Wie kann ein Industrieunternehmen prüfen, ob ein externer DSB die gesetzlichen Pflichten erfüllt?
Der Auftraggeber sollte prüfen, ob der DSB nachweislich Erfahrung in der Fertigungsbranche hat, die relevanten Artikel der DSGVO (37‑39, 35) kennt und mit dem HmbBfDI kooperiert. Referenzen, Zertifikate und ein transparenter Leistungsnachweis sind gute Indikatoren. Ein kurzer Audit des DSB-Prozesses und ein Testlauf bei einer Pilot-DSFA geben zusätzliche Sicherheit.

Fazit
edsb-hamburg überzeugt mit TÜV-zertifizierter KI-Plattform und Festpreismodell ab 149 €/Monat, bietet aber nicht für jedes Unternehmen die optimale Lösung. Die steigenden Beschwerdezahlen beim HmbBfDI unterstreichen die Dringlichkeit einer professionellen Datenschutzorganisation. Prüfen Sie zunächst, ob Ihr Unternehmen unter die Schwelle von 20 Personen fällt oder systematische Überwachung betreibt – dann wird ein DSB zwingend erforderlich. Erstellen Sie eine Checkliste für Datenschutz-Folgenabschätzungen bei Produktionsanlagen, um Bußgelder zu vermeiden.

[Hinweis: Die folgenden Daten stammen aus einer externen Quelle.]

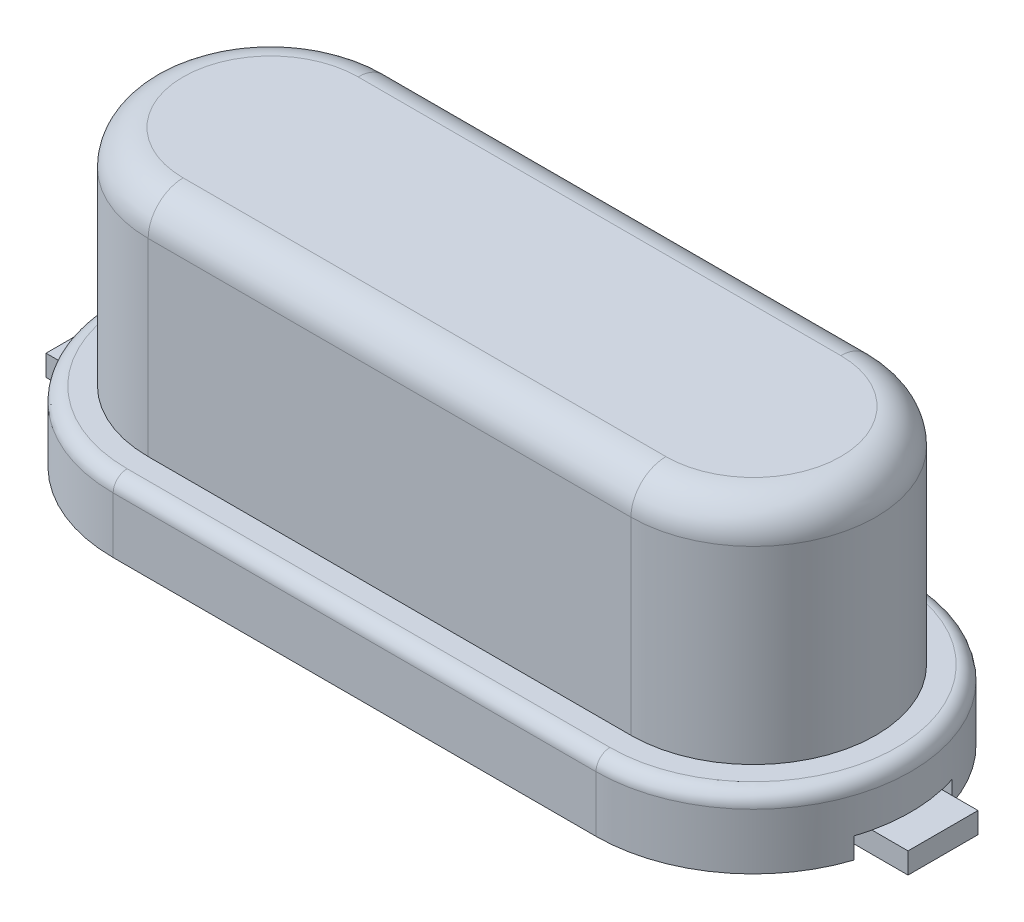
ISO-10303-21;
HEADER;
FILE_DESCRIPTION(('STEP AP214'),'2;1');
FILE_NAME('part.step','',(''),(''),'','','');
FILE_SCHEMA(('AUTOMOTIVE_DESIGN { 1 0 10303 214 1 1 1 1 }'));
ENDSEC;
DATA;
#1=APPLICATION_CONTEXT('core data for automotive mechanical design processes');
#2=APPLICATION_PROTOCOL_DEFINITION('international standard','automotive_design',2000,#1);
#3=PRODUCT_CONTEXT('',#1,'mechanical');
#4=PRODUCT('Part','Part','',(#3));
#5=PRODUCT_RELATED_PRODUCT_CATEGORY('part','',(#4));
#6=PRODUCT_DEFINITION_FORMATION('','',#4);
#7=PRODUCT_DEFINITION_CONTEXT('part definition',#1,'design');
#8=PRODUCT_DEFINITION('design','',#6,#7);
#9=PRODUCT_DEFINITION_SHAPE('','',#8);
#10=(LENGTH_UNIT() NAMED_UNIT(*) SI_UNIT(.MILLI.,.METRE.));
#11=(NAMED_UNIT(*) PLANE_ANGLE_UNIT() SI_UNIT($,.RADIAN.));
#12=(NAMED_UNIT(*) SI_UNIT($,.STERADIAN.) SOLID_ANGLE_UNIT());
#13=UNCERTAINTY_MEASURE_WITH_UNIT(LENGTH_MEASURE(1.E-05),#10,'distance_accuracy_value','');
#14=(GEOMETRIC_REPRESENTATION_CONTEXT(3) GLOBAL_UNCERTAINTY_ASSIGNED_CONTEXT((#13)) GLOBAL_UNIT_ASSIGNED_CONTEXT((#10,
#11,#12)) REPRESENTATION_CONTEXT('',''));
#15=CARTESIAN_POINT('',(0.,0.,0.));
#16=DIRECTION('',(0.,0.,1.));
#17=DIRECTION('',(1.,0.,0.));
#18=AXIS2_PLACEMENT_3D('',#15,#16,#17);
#19=CARTESIAN_POINT('',(3.45,1.,0.));
#20=DIRECTION('',(0.,1.,0.));
#21=DIRECTION('',(0.,0.,1.));
#22=AXIS2_PLACEMENT_3D('',#19,#20,#21);
#23=PLANE('',#22);
#24=DIRECTION('',(-1.,0.,0.));
#25=VECTOR('',#24,1.);
#26=CARTESIAN_POINT('',(-3.45,1.,-2.05));
#27=LINE('',#26,#25);
#28=CARTESIAN_POINT('',(3.45,1.,-2.05));
#29=VERTEX_POINT('',#28);
#30=CARTESIAN_POINT('',(-3.45,1.,-2.05));
#31=VERTEX_POINT('',#30);
#32=EDGE_CURVE('E487',#29,#31,#27,.T.);
#33=ORIENTED_EDGE('',*,*,#32,.T.);
#34=CARTESIAN_POINT('',(-3.45,1.,0.));
#35=DIRECTION('',(0.,1.,0.));
#36=DIRECTION('',(0.,0.,1.));
#37=AXIS2_PLACEMENT_3D('',#34,#35,#36);
#38=CIRCLE('',#37,2.05);
#39=CARTESIAN_POINT('',(-3.45,1.,2.05));
#40=VERTEX_POINT('',#39);
#41=EDGE_CURVE('E490',#31,#40,#38,.T.);
#42=ORIENTED_EDGE('',*,*,#41,.T.);
#43=DIRECTION('',(1.,0.,0.));
#44=VECTOR('',#43,1.);
#45=CARTESIAN_POINT('',(3.45,1.,2.05));
#46=LINE('',#45,#44);
#47=CARTESIAN_POINT('',(3.45,1.,2.05));
#48=VERTEX_POINT('',#47);
#49=EDGE_CURVE('E481',#40,#48,#46,.T.);
#50=ORIENTED_EDGE('',*,*,#49,.T.);
#51=CARTESIAN_POINT('',(3.45,1.,0.));
#52=DIRECTION('',(0.,1.,0.));
#53=DIRECTION('',(0.,0.,1.));
#54=AXIS2_PLACEMENT_3D('',#51,#52,#53);
#55=CIRCLE('',#54,2.05);
#56=EDGE_CURVE('E484',#48,#29,#55,.T.);
#57=ORIENTED_EDGE('',*,*,#56,.T.);
#58=EDGE_LOOP('',(#33,#42,#50,#57));
#59=FACE_BOUND('',#58,.T.);
#60=DIRECTION('',(-1.,0.,0.));
#61=VECTOR('',#60,1.);
#62=CARTESIAN_POINT('',(3.45,1.,-1.75));
#63=LINE('',#62,#61);
#64=CARTESIAN_POINT('',(3.45,1.,-1.75));
#65=VERTEX_POINT('',#64);
#66=CARTESIAN_POINT('',(-3.45,1.,-1.75));
#67=VERTEX_POINT('',#66);
#68=EDGE_CURVE('E257',#65,#67,#63,.T.);
#69=ORIENTED_EDGE('',*,*,#68,.F.);
#70=CARTESIAN_POINT('',(3.45,1.,0.));
#71=DIRECTION('',(0.,1.,0.));
#72=DIRECTION('',(0.,0.,1.));
#73=AXIS2_PLACEMENT_3D('',#70,#71,#72);
#74=CIRCLE('',#73,1.75);
#75=CARTESIAN_POINT('',(3.45,1.,1.75));
#76=VERTEX_POINT('',#75);
#77=EDGE_CURVE('E238',#76,#65,#74,.T.);
#78=ORIENTED_EDGE('',*,*,#77,.F.);
#79=DIRECTION('',(1.,0.,0.));
#80=VECTOR('',#79,1.);
#81=CARTESIAN_POINT('',(-3.45,1.,1.75));
#82=LINE('',#81,#80);
#83=CARTESIAN_POINT('',(-3.45,1.,1.75));
#84=VERTEX_POINT('',#83);
#85=EDGE_CURVE('E246',#84,#76,#82,.T.);
#86=ORIENTED_EDGE('',*,*,#85,.F.);
#87=CARTESIAN_POINT('',(-3.45,1.,0.));
#88=DIRECTION('',(0.,1.,0.));
#89=DIRECTION('',(0.,0.,1.));
#90=AXIS2_PLACEMENT_3D('',#87,#88,#89);
#91=CIRCLE('',#90,1.75);
#92=EDGE_CURVE('E270',#67,#84,#91,.T.);
#93=ORIENTED_EDGE('',*,*,#92,.F.);
#94=EDGE_LOOP('',(#69,#78,#86,#93));
#95=FACE_BOUND('',#94,.T.);
#96=ADVANCED_FACE('F37',(#59,#95),#23,.T.);
#97=CARTESIAN_POINT('',(3.45,0.3,0.));
#98=DIRECTION('',(0.,1.,0.));
#99=DIRECTION('',(0.,0.,1.));
#100=AXIS2_PLACEMENT_3D('',#97,#98,#99);
#101=PLANE('',#100);
#102=DIRECTION('',(1.,0.,0.));
#103=VECTOR('',#102,1.);
#104=CARTESIAN_POINT('',(-1.64,0.3,-0.699999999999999));
#105=LINE('',#104,#103);
#106=CARTESIAN_POINT('',(-5.58834047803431,0.3,-0.699999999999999));
#107=VERTEX_POINT('',#106);
#108=CARTESIAN_POINT('',(-1.64,0.3,-0.699999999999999));
#109=VERTEX_POINT('',#108);
#110=EDGE_CURVE('E277',#107,#109,#105,.T.);
#111=ORIENTED_EDGE('',*,*,#110,.T.);
#112=DIRECTION('',(0.,0.,1.));
#113=VECTOR('',#112,1.);
#114=CARTESIAN_POINT('',(-1.64,0.3,0.7));
#115=LINE('',#114,#113);
#116=CARTESIAN_POINT('',(-1.64,0.3,0.7));
#117=VERTEX_POINT('',#116);
#118=EDGE_CURVE('E282',#109,#117,#115,.T.);
#119=ORIENTED_EDGE('',*,*,#118,.T.);
#120=DIRECTION('',(-1.,0.,0.));
#121=VECTOR('',#120,1.);
#122=CARTESIAN_POINT('',(-5.58834047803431,0.3,0.7));
#123=LINE('',#122,#121);
#124=CARTESIAN_POINT('',(-5.58834047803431,0.3,0.700000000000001));
#125=VERTEX_POINT('',#124);
#126=EDGE_CURVE('E286',#117,#125,#123,.T.);
#127=ORIENTED_EDGE('',*,*,#126,.T.);
#128=CARTESIAN_POINT('',(-3.45,0.3,0.));
#129=DIRECTION('',(0.,1.,0.));
#130=DIRECTION('',(0.,0.,1.));
#131=AXIS2_PLACEMENT_3D('',#128,#129,#130);
#132=CIRCLE('',#131,2.25);
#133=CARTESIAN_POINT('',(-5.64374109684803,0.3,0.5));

Kontaktieren Sie den Hamburgischen Beauftragten für Datenschutz für individuelle Beratung und nutzen Sie das breite Anbieterportfolio in der Hansestadt.
Hinweis zur Transparenz: Diese Marktübersicht wird redaktionell auf cpsecure.de veröffentlicht. edsb-hamburg ist als einer der vorgestellten Marktteilnehmer Werbepartner unserer Plattform — die Bewertung erfolgt nach branchenüblichen Kriterien (Stärken, Schwächen, Preisspanne, Zielgruppe), die Reihenfolge ist eine Redaktions-Empfehlung und ersetzt keine individuelle Beratung. Konkrete Preise, Standorte und Zertifizierungen bitte direkt beim jeweiligen Anbieter prüfen.

Autor auf der Webseite cpsecure.de. Hier schreibt Herr Schmitz über IT-Sicherheit in der Cloud.